[Problem to work on] Check each line of the entries below for the word "None", and copy out the ones that have it.

◆ ◆ ◆

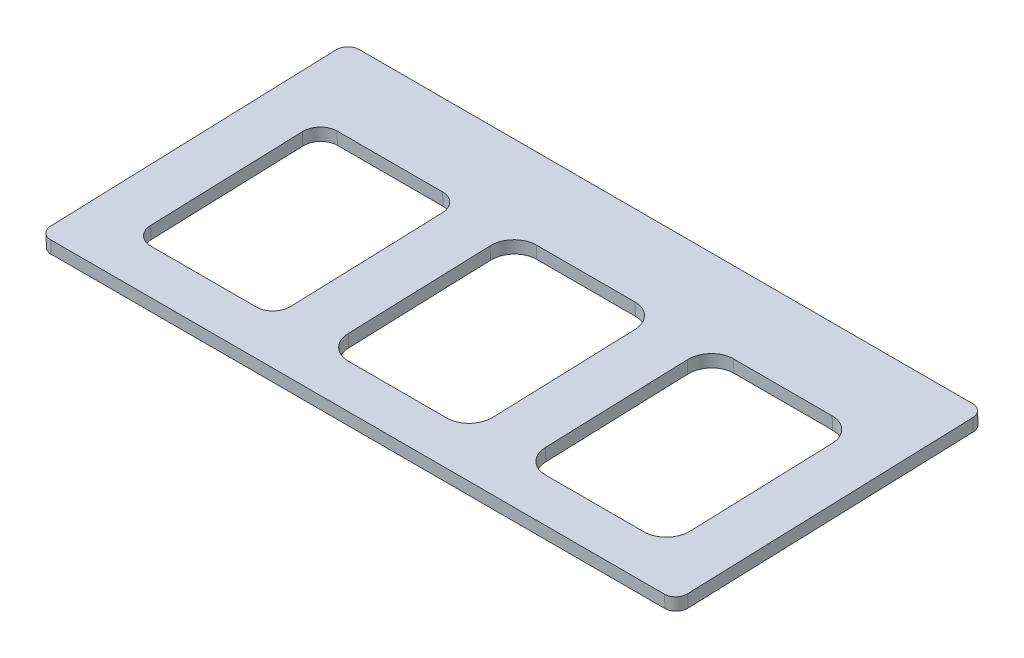
from build123d import *

# Parameters (mm, degrees)
BOSS_EXTRUDE1_DEPTH = 2.2


with BuildPart() as part:
    # Sketch1 → Boss-Extrude1 (new body)
    with BuildSketch(Plane(origin=(0, -71.98718802, -2.513847999), x_dir=(1, 0, 0), z_dir=(0, -0.9993908270190958, -0.034899496702501066))):
        with BuildLine():
            Line((-53.175, -49.240365792), (53.175, -49.240365792))
            ThreePointArc((53.175, -49.240365792), (54.589213562, -48.654579354), (55.175, -47.240365792))
            Line((55.175, -47.240365792), (55.175, 2.21159528))
            ThreePointArc((55.175, 2.21159528), (54.589213562, 3.625808843), (53.175, 4.21159528))
            Line((53.175, 4.21159528), (-53.175, 4.21159528))
            ThreePointArc((-53.175, 4.21159528), (-54.589213562, 3.625808843), (-55.175, 2.21159528))
            Line((-55.175, 2.21159528), (-55.175, -47.240365792))
            ThreePointArc((-55.175, -47.240365792), (-54.589213562, -48.654579354), (-53.175, -49.240365792))
        make_face()
        with BuildLine():
            Line((-22.025, -32.562401314), (-22.025, -6.262401314))
            ThreePointArc((-22.025, -6.262401314), (-22.903679656, -4.14108097), (-25.025, -3.262401314))
            Line((-25.025, -3.262401314), (-43.325, -3.262401314))
            ThreePointArc((-43.325, -3.262401314), (-45.446320344, -4.14108097), (-46.325, -6.262401314))
            Line((-46.325, -6.262401314), (-46.325, -32.562401314))
            ThreePointArc((-46.325, -32.562401314), (-45.446320344, -34.683721657), (-43.325, -35.562401314))
            Line((-43.325, -35.562401314), (-25.025, -35.562401314))
            ThreePointArc((-25.025, -35.562401314), (-22.903679656, -34.683721657), (-22.025, -32.562401314))
        make_face(mode=Mode.SUBTRACT)
        with BuildLine():
            Line((-8.95, -3.112401314), (8.15, -3.112401314))
            ThreePointArc((8.15, -3.112401314), (10.978427125, -4.283974189), (12.15, -7.112401314))
            Line((12.15, -7.112401314), (12.15, -31.712401314))
            ThreePointArc((12.15, -31.712401314), (10.978427125, -34.540828439), (8.15, -35.712401314))
            Line((8.15, -35.712401314), (-8.95, -35.712401314))
            ThreePointArc((-8.95, -35.712401314), (-11.778427125, -34.540828439), (-12.95, -31.712401314))
            Line((-12.95, -31.712401314), (-12.95, -7.112401314))
            ThreePointArc((-12.95, -7.112401314), (-11.778427125, -4.283974189), (-8.95, -3.112401314))
        make_face(mode=Mode.SUBTRACT)
        with BuildLine():
            Line((25.225, -3.112401314), (42.325, -3.112401314))
            ThreePointArc((42.325, -3.112401314), (45.153427125, -4.283974189), (46.325, -7.112401314))
            Line((46.325, -7.112401314), (46.325, -31.712401314))
            ThreePointArc((46.325, -31.712401314), (45.153427125, -34.540828439), (42.325, -35.712401314))
            Line((42.325, -35.712401314), (25.225, -35.712401314))
            ThreePointArc((25.225, -35.712401314), (22.396572875, -34.540828439), (21.225, -31.712401314))
            Line((21.225, -31.712401314), (21.225, -7.112401314))
            ThreePointArc((21.225, -7.112401314), (22.396572875, -4.283974189), (25.225, -3.112401314))
        make_face(mode=Mode.SUBTRACT)
    extrude(amount=-BOSS_EXTRUDE1_DEPTH)


solid = part.part
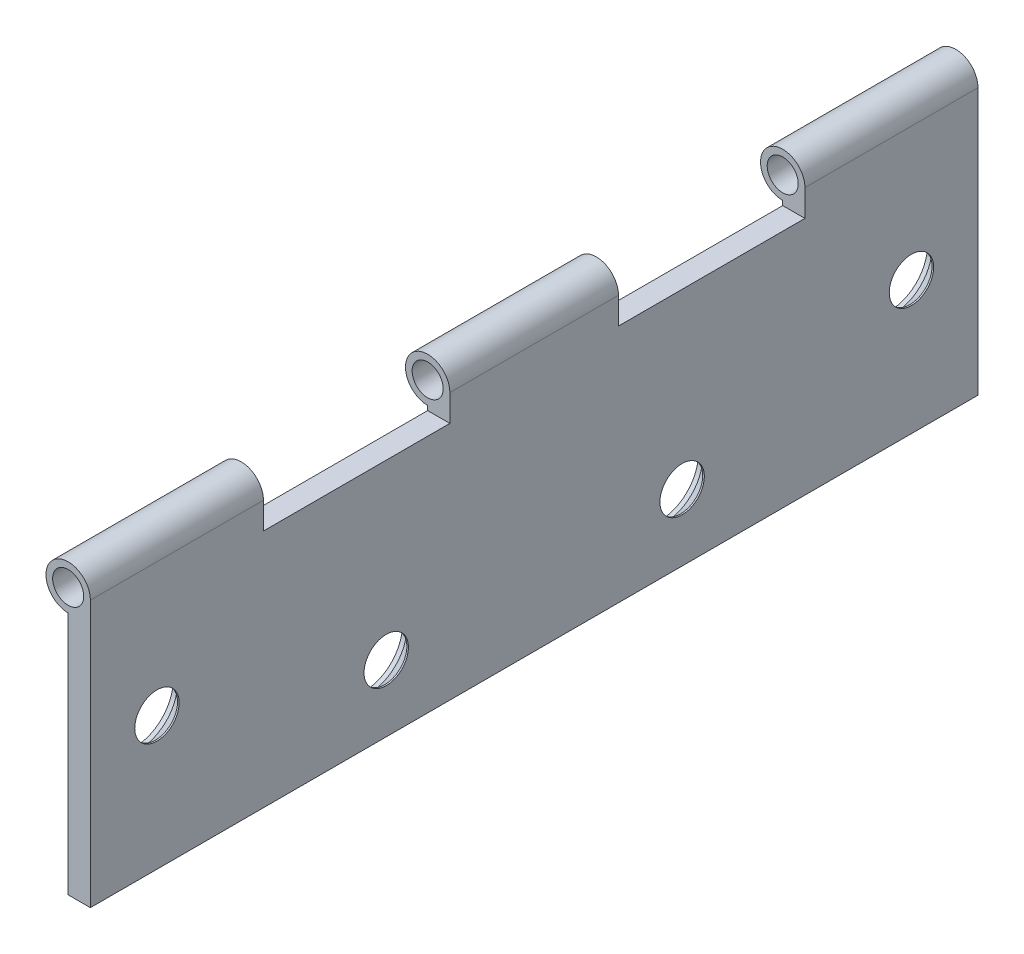
from build123d import *

# Parameters (mm, degrees)
SKETCH1_W                                      = 5
SKETCH1_H                                      = 60
EXTRUDE_THIN1_DEPTH                            = 100
SKETCH2_R                                      = 5
SKETCH3_R                                      = 3.5
CUT_EXTRUDE1_DEPTH                             = 211.35683968
CSK_FOR_M8_FLAT_HEAD_MACHINE_SCREW1_AT_2_COUNT = 2
CSK_FOR_M8_FLAT_HEAD_MACHINE_SCREW1_AT_2_PITCH = 53.800041305
F_2_CUTS_DEPTH                                 = 120.373363863
F_2_CUTS_DEPTH_BACK                            = 120.373363863
SKETCH8_W                                      = 42
SKETCH8_H                                      = 11


with BuildPart() as part:
    # Sketch1 → Extrude-Thin1 (new, symmetric)
    with BuildSketch(Plane.XY):
        with Locations((2.5, 30)):
            Rectangle(SKETCH1_W, SKETCH1_H)
    extrude(amount=EXTRUDE_THIN1_DEPTH, both=True)

    # Sweep1: sweep along a curve in space
    with BuildLine() as sweep1_path:
        Line((0, 60, 100), (0, 60, -100))
    # Sketch2 → Sweep1 (sweep)
    with BuildSketch(Plane(origin=(0, 0, -100), x_dir=(-1, 0, 0), z_dir=(0, 0, -1))):
        with Locations((0, 60)):
            Circle(SKETCH2_R)
    sweep(path=sweep1_path.line)

    # Sketch3 → Cut-Extrude1 (cut, through all)
    with BuildSketch(Plane(origin=(0, 0, -100), x_dir=(-1, 0, 0), z_dir=(0, 0, -1))):
        with Locations((0, 60)):
            Circle(SKETCH3_R)
    extrude(amount=-CUT_EXTRUDE1_DEPTH, mode=Mode.SUBTRACT)

    # Sketch4 → CSK for M8 Flat Head Machine Screw1 (revolve, cut)
    with BuildSketch(Plane(origin=(0, 30, -85), x_dir=(0, 0, 1), z_dir=(0, 1, 0))):
        Polygon((0, 0), (0, 5), (5, 5), (5, 4.65), (8.65, 1), (8.65, 0), align=None)
    csk_for_m8_flat_head_machine_screw1 = revolve(axis=Axis((-6.35, 30, -85), (1, 0, 0)), mode=Mode.SUBTRACT)

    # CSK for M8 Flat Head Machine Screw1 at 2: CSK for M8 Flat Head Machine Screw1 ×2
    with Locations(*[Vector(0, -0.2788101948639552, 0.9603462267536241) * (i * CSK_FOR_M8_FLAT_HEAD_MACHINE_SCREW1_AT_2_PITCH) for i in range(1, CSK_FOR_M8_FLAT_HEAD_MACHINE_SCREW1_AT_2_COUNT)]):
        add(csk_for_m8_flat_head_machine_screw1, mode=Mode.SUBTRACT)

    # Mirror1: CSK for M8 Flat Head Machine Screw1 across plane
    add(csk_for_m8_flat_head_machine_screw1.mirror(Plane.XY), mode=Mode.SUBTRACT)

    # Mirror1 copy 1 sketch → Mirror1 copy 1 (revolve, cut)
    with BuildSketch(Plane(origin=(0, 15, 33.333333333), x_dir=(0, 0, -1), z_dir=(0, 1, 0))):
        Polygon((0, 0), (0, -5), (5, -5), (5, -4.65), (8.65, -1), (8.65, 0), align=None)
    revolve(axis=Axis((-6.35, 15, 33.333333333), (-1, 0, 0)), mode=Mode.SUBTRACT)

    # Sketch8 → 2 cuts (cut, two sides: drawn at the far end of the back side and taken through both)
    with BuildSketch(Plane.ZY.offset(-F_2_CUTS_DEPTH_BACK)):
        with Locations((-40, 59.5)):
            Rectangle(SKETCH8_W, SKETCH8_H)
        with Locations((40, 59.5)):
            Rectangle(SKETCH8_W, SKETCH8_H)
    extrude(amount=F_2_CUTS_DEPTH + F_2_CUTS_DEPTH_BACK, mode=Mode.SUBTRACT)


solid = part.part
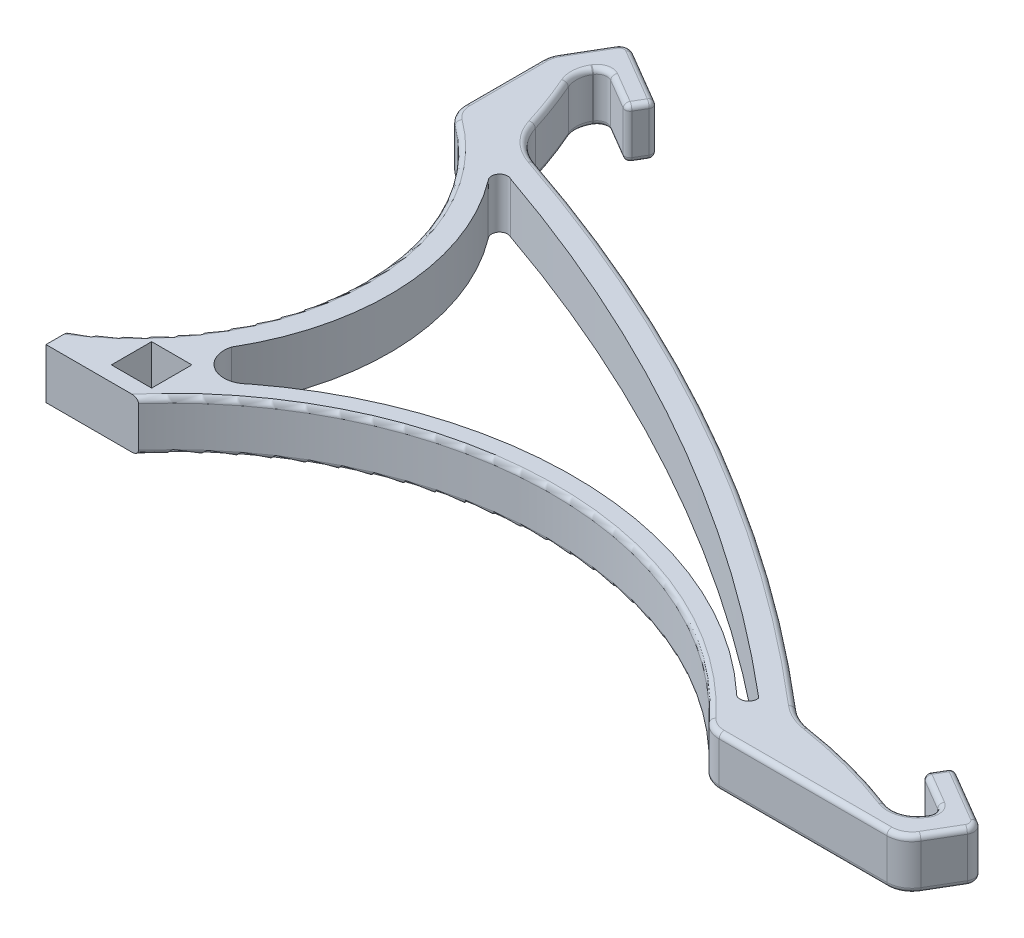
from build123d import *

# Parameters (mm, degrees)
BOSS_EXTRUDE1_DEPTH = 10
CUT_EXTRUDE1_DEPTH  = 103.530483272
BOSS_EXTRUDE3_DEPTH = 10
FILLET1_R           = 5
FILLET3_R           = 100
SKETCH4_W           = 8
SKETCH4_H           = 8
CUT_EXTRUDE2_DEPTH  = 112.808929726
FILLET4_R           = 1


with BuildPart() as part:
    # Sketch1 → Boss-Extrude1 (new body)
    with BuildSketch(Plane(origin=(0, 0, 0), x_dir=(1, 0, 0), z_dir=(0, 1, 0))):
        Polygon((-82.5, 52.5), (87.5, -47.5), (-82.5, -47.5), align=None)
    extrude(amount=BOSS_EXTRUDE1_DEPTH)

    # Sketch2 → Cut-Extrude1 (cut, through all)
    with BuildSketch(Plane(origin=(0, 10, 0), x_dir=(1, 0, 0), z_dir=(0, 1, 0))):
        with BuildLine():
            Line((-72.5, 46.617647059), (-72.5, 42.260960752))
            ThreePointArc((-72.5, 42.260960752), (-70.618090153, 36.4217303), (-65.680677547, 32.780280905))
            ThreePointArc((-65.680677547, 32.780280905), (-2.520146886, 4.604537561), (54.110121843, -35.096064577))
            ThreePointArc((54.110121843, -35.096064577), (57.142265209, -36.875274781), (60.602790692, -37.495150349))
            Line((60.602790692, -37.495150349), (70.50100103, -37.500588841))
            Line((70.50100103, -37.500588841), (-72.5, 46.617647059))
        make_face()
        with BuildLine():
            Line((49.112101066, -47.5), (-64.112101066, -47.5))
            ThreePointArc((-64.112101066, -47.5), (-7.5, -21.969013067), (49.112101066, -47.5))
        make_face()
        with BuildLine():
            Line((-82.5, -42.73498027), (-82.5, 33.203647439))
            ThreePointArc((-82.5, 33.203647439), (-62.03937094, -4.765666416), (-82.5, -42.73498027))
        make_face()
        with BuildLine():
            ThreePointArc((-55.606776415, -34.161786787), (-61.444525444, -34.944277204), (-63.616791683, -29.469529322))
            ThreePointArc((-63.616791683, -29.469529322), (-56.998023123, -1.896976683), (-66.802364381, 24.709951902))
            ThreePointArc((-66.802364381, 24.709951902), (-66.900578229, 26.780603411), (-64.870749624, 27.201363987))
            ThreePointArc((-64.870749624, 27.201363987), (-4.844619061, 0.148849816), (49.174432211, -37.493107799))
            ThreePointArc((49.174432211, -37.493107799), (48.229175402, -39.403304985), (46.162007191, -38.884480053))
            ThreePointArc((46.162007191, -38.884480053), (-3.854303198, -17.816945122), (-55.606776415, -34.161786787))
        make_face()
    extrude(amount=-CUT_EXTRUDE1_DEPTH, mode=Mode.SUBTRACT)

    # Sketch3 → Boss-Extrude3 (add, through all)
    with BuildSketch(Plane(origin=(0, 10, 0), x_dir=(1, 0, 0), z_dir=(0, 1, 0))):
        with BuildLine():
            Line((87.5, -47.5), (92.367393215, -39.225431534))
            ThreePointArc((92.367393215, -39.225431534), (92.579518581, -37.709466964), (91.657565038, -36.487522851))
            Line((91.657565038, -36.487522851), (81.314354456, -30.403281332))
            ThreePointArc((81.314354456, -30.403281332), (80.556372171, -30.297218649), (79.945400114, -30.758195421))
            Line((79.945400114, -30.758195421), (78.677849798, -32.913030959))
            ThreePointArc((78.677849798, -32.913030959), (78.571787115, -33.671013244), (79.032763886, -34.2819853))
            Line((79.032763886, -34.2819853), (85.066303392, -37.831126186))
            ThreePointArc((85.066303392, -37.831126186), (85.988256936, -39.053070299), (85.77613157, -40.56903487))
            Line((85.77613157, -40.56903487), (83.190328924, -44.964899367))
            Line((83.190328924, -44.964899367), (87.5, -47.5))
        make_face()
        with BuildLine():
            Line((-82.5, 52.5), (-77.613319152, 60.807357441))
            ThreePointArc((-77.613319152, 60.807357441), (-76.391375039, 61.729310984), (-74.875410469, 61.517185618))
            Line((-74.875410469, 61.517185618), (-64.532199887, 55.4329441))
            ThreePointArc((-64.532199887, 55.4329441), (-64.071223115, 54.821972043), (-64.177285798, 54.063989758))
            Line((-64.177285798, 54.063989758), (-65.444836115, 51.90915422))
            ThreePointArc((-65.444836115, 51.90915422), (-66.055808171, 51.448177448), (-66.813790456, 51.554240131))
            Line((-66.813790456, 51.554240131), (-72.847329962, 55.103381017))
            ThreePointArc((-72.847329962, 55.103381017), (-74.363294533, 55.315506383), (-75.585238646, 54.39355284))
            Line((-75.585238646, 54.39355284), (-78.190328924, 49.964899367))
            Line((-78.190328924, 49.964899367), (-82.5, 52.5))
        make_face()
    extrude(amount=-BOSS_EXTRUDE3_DEPTH)

    # Fillet1
    fillet1_edges = [part.edges().sort_by_distance(p)[0] for p in [
        (49.112101066, 5, 47.5),
        (-82.5, 5, -33.203647439),
        (-82.5, 5, -52.5),
        (87.5, 5, 47.5),
        (83.190328924, 5, 44.964899367),
        (-78.190328924, 5, -49.964899367),
    ]]
    fillet(fillet1_edges, radius=FILLET1_R)

    # Fillet3
    fillet3_edges = [part.edges().sort_by_distance(p)[0] for p in [
        (-72.5, 5, -46.617647059),
        (70.50100103, 5, 37.500588841),
    ]]
    fillet(fillet3_edges, radius=FILLET3_R)

    # Sketch4 → Cut-Extrude2 (cut, through all)
    with BuildSketch(Plane(origin=(0, 10, 0), x_dir=(1, 0, 0), z_dir=(0, 1, 0))):
        with Locations((-68.5, -40.5)):
            Rectangle(SKETCH4_W, SKETCH4_H)
    extrude(amount=-CUT_EXTRUDE2_DEPTH, mode=Mode.SUBTRACT)

    # Fillet4
    fillet4_edges = [part.edges().sort_by_distance(p)[0] for p in [
        (-74.363294533, 10, -55.315506383),
        (-69.830560209, 10, -53.328810574),
        (-64.811060956, 10, -52.986571989),
        (-69.703805178, 10, -58.475064859),
        (-76.391375039, 10, -61.729310984),
        (-79.711495114, 10, -57.240458306),
        (-82.5, 0, -43.473553854),
        (-82.5, 10, -43.473553854),
        (-75.620233469, 10, -54.334061642),
        (-8.570971136, 10, 21.976606221),
        (67.982036607, 10, 47.5),
        (90.65866701, 10, 42.130266084),
        (87.122657373, 10, 46.840247871),
        (49.333096697, 10, 47.086620377),
        (-82.324331839, 10, -52.452164103),
        (-81.964474926, 10, -33.557324308),
        (90.65866701, 0, 42.130266084),
        (67.982036607, 0, 47.5),
        (-8.570971136, 0, 21.976606221),
        (-75.620233469, 0, -54.334061642),
        (87.122657373, 0, 46.840247871),
        (49.333096697, 0, 47.086620377),
        (-82.324331839, 0, -52.452164103),
        (-81.964474926, 0, -33.557324308),
        (-76.336492494, 0, -52.040410074),
        (83.071447509, 10, 42.83803968),
        (-76.336492494, 10, -52.040410074),
        (69.512301706, 10, 39.540057758),
        (-73.845837143, 10, -44.577530993),
        (83.071447509, 0, 42.83803968),
        (69.512301706, 0, 39.540057758),
        (-73.845837143, 0, -44.577530993),
        (-62.056184268, 0, 6.001953724),
        (-62.056184268, 10, 6.001953724),
        (-2.520146886, 10, -4.604537561),
        (-69.654627938, 10, -35.274452391),
        (56.445754005, 0, 36.587639681),
        (-2.520146886, 0, -4.604537561),
        (-69.654627938, 0, -35.274452391),
        (56.445754005, 10, 36.587639681),
        (85.750780563, 0, 40.612131581),
        (85.988256936, 0, 39.053070299),
        (82.049533639, 0, 36.056555743),
        (79.311624956, 0, 31.83561319),
        (86.485959747, 0, 33.445402092),
        (92.579518581, 0, 37.709466964),
        (92.579518581, 10, 37.709466964),
        (86.485959747, 10, 33.445402092),
        (79.311624956, 10, 31.83561319),
        (82.049533639, 10, 36.056555743),
        (85.988256936, 10, 39.053070299),
        (85.750780563, 10, 40.612131581),
        (-79.711495114, 0, -57.240458306),
        (-76.391375039, 0, -61.729310984),
        (-69.703805178, 0, -58.475064859),
        (-64.811060956, 0, -52.986571989),
        (-69.830560209, 0, -53.328810574),
        (-74.363294533, 0, -55.315506383),
        (-66.055808171, 10, -51.448177448),
        (-64.071223115, 10, -54.821972043),
        (78.571787115, 0, 33.671013244),
        (80.556372171, 0, 30.297218649),
        (80.556372171, 10, 30.297218649),
        (78.571787115, 10, 33.671013244),
        (-64.071223115, 0, -54.821972043),
        (-66.055808171, 0, -51.448177448),
    ]]
    fillet(fillet4_edges, radius=FILLET4_R)


solid = part.part

◆ ◆ ◆

[Task solution]
        Polygon((0, 0), (0, 5), (5, 5), (5, 4.65), (8.65, 1), (8.65, 0), align=None)
        Polygon((0, 0), (0, -5), (5, -5), (5, -4.65), (8.65, -1), (8.65, 0), align=None)
        Polygon((-82.5, 52.5), (87.5, -47.5), (-82.5, -47.5), align=None)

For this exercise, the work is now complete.